→ **REQUIRED WORK**: Using the listing below, please count the lines that contain the string "None". Only the number is wanted.

>>>

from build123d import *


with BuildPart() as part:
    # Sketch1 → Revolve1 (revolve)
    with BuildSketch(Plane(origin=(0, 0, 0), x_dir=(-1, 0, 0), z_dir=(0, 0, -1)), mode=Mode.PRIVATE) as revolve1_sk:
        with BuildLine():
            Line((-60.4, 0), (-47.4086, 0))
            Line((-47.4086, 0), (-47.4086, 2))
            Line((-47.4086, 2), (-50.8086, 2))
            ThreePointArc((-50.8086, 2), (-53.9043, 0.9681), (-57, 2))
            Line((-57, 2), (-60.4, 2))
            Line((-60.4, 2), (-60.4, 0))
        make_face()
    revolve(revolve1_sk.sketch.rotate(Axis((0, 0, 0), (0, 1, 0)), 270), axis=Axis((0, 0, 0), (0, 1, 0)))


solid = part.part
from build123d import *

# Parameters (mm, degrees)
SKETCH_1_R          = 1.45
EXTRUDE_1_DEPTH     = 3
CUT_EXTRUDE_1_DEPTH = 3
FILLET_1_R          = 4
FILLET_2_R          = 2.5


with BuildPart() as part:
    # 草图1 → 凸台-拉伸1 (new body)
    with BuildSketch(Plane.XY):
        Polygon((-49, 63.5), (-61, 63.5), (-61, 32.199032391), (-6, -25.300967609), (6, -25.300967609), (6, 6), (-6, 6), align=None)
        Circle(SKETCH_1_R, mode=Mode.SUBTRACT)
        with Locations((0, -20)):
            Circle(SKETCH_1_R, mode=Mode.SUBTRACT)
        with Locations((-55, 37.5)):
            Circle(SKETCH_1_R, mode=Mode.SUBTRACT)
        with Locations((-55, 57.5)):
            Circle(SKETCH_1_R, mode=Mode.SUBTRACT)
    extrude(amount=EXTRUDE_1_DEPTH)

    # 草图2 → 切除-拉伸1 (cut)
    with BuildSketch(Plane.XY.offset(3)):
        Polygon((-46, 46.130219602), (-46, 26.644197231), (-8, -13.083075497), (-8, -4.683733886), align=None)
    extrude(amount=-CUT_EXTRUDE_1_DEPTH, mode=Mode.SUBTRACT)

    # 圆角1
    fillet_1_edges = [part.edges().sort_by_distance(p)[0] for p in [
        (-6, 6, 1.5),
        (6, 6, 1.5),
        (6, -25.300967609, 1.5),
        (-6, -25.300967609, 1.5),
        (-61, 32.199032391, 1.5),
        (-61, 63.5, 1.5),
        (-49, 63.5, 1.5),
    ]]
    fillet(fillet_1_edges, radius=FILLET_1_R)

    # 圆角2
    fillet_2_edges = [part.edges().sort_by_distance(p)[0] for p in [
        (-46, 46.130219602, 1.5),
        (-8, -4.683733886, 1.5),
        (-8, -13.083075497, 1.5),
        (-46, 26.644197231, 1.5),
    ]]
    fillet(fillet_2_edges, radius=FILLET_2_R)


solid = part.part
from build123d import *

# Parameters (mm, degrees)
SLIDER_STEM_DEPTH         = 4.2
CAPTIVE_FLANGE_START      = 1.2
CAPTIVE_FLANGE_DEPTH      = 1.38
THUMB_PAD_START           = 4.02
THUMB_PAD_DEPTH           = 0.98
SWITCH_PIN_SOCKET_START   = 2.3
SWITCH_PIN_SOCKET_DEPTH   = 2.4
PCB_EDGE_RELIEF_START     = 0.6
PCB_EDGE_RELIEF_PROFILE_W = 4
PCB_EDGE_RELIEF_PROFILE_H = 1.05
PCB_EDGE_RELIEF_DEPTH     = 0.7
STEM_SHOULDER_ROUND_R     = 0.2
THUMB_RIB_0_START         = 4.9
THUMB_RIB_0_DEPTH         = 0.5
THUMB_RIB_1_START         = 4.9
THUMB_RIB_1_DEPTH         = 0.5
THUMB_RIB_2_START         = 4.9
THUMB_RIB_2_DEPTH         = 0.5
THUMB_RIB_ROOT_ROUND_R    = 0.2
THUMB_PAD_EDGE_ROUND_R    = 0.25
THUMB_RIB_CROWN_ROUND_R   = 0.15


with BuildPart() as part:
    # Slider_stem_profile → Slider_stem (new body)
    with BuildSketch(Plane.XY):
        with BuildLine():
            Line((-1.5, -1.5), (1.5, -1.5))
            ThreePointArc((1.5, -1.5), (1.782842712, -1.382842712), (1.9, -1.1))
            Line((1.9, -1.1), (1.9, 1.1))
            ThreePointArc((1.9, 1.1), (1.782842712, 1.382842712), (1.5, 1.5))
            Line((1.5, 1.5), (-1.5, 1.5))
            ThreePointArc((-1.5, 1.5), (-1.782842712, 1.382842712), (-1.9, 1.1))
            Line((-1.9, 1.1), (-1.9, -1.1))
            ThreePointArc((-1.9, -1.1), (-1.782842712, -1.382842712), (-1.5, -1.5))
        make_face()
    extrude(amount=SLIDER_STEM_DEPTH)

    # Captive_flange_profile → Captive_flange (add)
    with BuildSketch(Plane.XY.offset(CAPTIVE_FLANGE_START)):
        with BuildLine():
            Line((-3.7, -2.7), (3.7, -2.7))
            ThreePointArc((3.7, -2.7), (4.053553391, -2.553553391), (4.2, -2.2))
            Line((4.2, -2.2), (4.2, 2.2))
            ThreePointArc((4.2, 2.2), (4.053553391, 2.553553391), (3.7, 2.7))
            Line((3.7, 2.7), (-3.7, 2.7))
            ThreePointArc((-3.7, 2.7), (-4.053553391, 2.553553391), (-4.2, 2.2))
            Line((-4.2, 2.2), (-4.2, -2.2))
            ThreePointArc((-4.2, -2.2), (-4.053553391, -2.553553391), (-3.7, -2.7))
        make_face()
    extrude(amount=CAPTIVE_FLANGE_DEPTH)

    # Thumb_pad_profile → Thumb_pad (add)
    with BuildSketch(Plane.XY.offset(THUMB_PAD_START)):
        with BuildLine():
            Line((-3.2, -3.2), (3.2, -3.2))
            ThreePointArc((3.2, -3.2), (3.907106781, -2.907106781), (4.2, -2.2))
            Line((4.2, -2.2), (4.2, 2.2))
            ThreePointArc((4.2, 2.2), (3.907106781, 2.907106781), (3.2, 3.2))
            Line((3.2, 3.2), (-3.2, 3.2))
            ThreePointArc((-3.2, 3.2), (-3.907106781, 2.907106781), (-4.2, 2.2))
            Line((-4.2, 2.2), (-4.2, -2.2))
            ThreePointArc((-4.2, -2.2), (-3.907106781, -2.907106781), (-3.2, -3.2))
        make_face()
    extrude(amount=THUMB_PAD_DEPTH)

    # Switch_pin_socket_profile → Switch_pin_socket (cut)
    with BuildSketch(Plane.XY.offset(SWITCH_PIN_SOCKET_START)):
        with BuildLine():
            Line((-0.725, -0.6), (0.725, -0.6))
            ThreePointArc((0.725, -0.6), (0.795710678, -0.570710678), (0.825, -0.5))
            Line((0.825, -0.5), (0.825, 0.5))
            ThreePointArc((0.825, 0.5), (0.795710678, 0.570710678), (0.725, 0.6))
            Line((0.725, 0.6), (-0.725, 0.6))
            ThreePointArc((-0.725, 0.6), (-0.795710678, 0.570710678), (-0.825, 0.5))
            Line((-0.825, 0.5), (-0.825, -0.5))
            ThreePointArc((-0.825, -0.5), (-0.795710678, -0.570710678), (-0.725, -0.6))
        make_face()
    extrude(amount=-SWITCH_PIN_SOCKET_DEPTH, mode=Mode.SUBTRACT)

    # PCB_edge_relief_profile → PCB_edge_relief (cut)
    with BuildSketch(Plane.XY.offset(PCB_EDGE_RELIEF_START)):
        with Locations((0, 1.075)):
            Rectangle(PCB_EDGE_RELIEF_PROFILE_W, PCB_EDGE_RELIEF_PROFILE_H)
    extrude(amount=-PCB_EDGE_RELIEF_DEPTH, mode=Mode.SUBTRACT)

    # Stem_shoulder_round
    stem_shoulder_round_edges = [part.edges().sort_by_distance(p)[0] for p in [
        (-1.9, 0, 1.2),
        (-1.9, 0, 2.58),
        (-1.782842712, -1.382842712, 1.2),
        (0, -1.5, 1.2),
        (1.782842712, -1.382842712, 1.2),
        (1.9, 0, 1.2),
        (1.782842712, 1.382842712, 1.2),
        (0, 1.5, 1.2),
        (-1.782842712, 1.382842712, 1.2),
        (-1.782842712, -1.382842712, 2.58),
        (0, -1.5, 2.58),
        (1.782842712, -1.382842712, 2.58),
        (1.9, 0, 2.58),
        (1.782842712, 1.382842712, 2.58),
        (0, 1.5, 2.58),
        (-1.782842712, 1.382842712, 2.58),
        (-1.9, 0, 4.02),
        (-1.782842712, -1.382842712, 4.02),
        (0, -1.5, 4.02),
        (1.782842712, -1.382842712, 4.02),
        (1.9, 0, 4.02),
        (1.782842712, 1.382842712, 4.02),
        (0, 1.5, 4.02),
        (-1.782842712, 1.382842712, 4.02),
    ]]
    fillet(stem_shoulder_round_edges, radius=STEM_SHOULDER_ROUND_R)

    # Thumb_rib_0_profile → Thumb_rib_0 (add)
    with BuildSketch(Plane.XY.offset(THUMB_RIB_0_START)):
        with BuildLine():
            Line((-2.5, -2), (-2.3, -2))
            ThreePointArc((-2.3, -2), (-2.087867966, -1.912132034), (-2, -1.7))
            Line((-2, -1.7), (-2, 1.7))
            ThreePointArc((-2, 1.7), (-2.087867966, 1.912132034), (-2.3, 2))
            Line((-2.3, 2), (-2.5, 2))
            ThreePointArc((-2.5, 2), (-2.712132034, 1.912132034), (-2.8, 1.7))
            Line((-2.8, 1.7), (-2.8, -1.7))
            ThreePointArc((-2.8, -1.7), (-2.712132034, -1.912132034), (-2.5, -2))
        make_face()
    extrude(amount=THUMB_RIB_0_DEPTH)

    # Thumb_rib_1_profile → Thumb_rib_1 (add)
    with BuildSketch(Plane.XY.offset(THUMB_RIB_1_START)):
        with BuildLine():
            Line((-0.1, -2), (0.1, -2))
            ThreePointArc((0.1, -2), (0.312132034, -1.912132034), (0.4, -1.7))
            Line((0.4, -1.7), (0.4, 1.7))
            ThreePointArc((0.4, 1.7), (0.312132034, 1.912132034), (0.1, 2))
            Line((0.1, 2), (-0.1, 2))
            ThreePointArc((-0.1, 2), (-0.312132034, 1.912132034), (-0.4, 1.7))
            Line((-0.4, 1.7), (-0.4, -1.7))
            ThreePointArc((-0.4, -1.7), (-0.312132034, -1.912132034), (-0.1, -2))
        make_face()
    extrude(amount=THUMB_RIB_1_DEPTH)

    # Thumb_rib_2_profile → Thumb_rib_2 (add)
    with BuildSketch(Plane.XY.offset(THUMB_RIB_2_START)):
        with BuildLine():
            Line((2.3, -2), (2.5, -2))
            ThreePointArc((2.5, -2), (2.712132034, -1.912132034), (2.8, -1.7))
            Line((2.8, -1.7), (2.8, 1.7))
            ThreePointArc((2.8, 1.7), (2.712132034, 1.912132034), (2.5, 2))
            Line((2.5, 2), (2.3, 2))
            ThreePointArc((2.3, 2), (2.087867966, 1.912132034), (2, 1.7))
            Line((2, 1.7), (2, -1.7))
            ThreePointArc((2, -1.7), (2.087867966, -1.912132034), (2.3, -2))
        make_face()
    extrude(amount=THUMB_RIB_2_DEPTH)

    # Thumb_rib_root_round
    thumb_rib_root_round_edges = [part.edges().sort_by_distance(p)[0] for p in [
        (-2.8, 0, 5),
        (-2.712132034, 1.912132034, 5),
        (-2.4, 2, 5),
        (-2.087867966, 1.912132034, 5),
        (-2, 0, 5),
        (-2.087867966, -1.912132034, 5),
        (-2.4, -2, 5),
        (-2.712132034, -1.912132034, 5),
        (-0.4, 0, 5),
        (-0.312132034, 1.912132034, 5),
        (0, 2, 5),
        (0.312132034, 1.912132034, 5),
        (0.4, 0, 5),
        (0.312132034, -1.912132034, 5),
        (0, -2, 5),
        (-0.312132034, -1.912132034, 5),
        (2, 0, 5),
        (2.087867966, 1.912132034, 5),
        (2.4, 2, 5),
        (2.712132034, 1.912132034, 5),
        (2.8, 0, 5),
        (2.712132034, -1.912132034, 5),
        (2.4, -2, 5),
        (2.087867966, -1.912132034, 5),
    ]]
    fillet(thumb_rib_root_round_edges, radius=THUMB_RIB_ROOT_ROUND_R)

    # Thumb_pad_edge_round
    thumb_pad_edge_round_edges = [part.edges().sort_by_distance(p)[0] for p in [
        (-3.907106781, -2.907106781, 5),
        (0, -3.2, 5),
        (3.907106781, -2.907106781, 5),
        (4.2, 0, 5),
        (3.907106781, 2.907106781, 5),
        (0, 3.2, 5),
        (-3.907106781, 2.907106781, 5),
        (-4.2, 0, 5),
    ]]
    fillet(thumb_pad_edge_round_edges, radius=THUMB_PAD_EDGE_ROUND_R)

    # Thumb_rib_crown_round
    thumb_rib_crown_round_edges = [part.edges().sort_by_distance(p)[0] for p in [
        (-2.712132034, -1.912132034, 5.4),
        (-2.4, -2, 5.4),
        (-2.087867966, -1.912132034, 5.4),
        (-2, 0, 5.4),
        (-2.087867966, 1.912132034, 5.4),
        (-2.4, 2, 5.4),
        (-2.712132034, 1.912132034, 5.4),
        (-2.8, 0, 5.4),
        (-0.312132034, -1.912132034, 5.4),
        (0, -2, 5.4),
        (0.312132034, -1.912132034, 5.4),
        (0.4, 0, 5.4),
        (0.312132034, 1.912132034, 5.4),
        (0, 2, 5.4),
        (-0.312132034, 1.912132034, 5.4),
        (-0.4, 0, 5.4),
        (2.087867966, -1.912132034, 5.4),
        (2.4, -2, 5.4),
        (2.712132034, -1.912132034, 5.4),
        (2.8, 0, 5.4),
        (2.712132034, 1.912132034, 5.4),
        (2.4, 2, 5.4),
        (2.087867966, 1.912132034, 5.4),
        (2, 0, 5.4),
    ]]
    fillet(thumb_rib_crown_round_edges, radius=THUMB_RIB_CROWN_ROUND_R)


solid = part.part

<<<

→ **WRITTEN ANSWER**: 2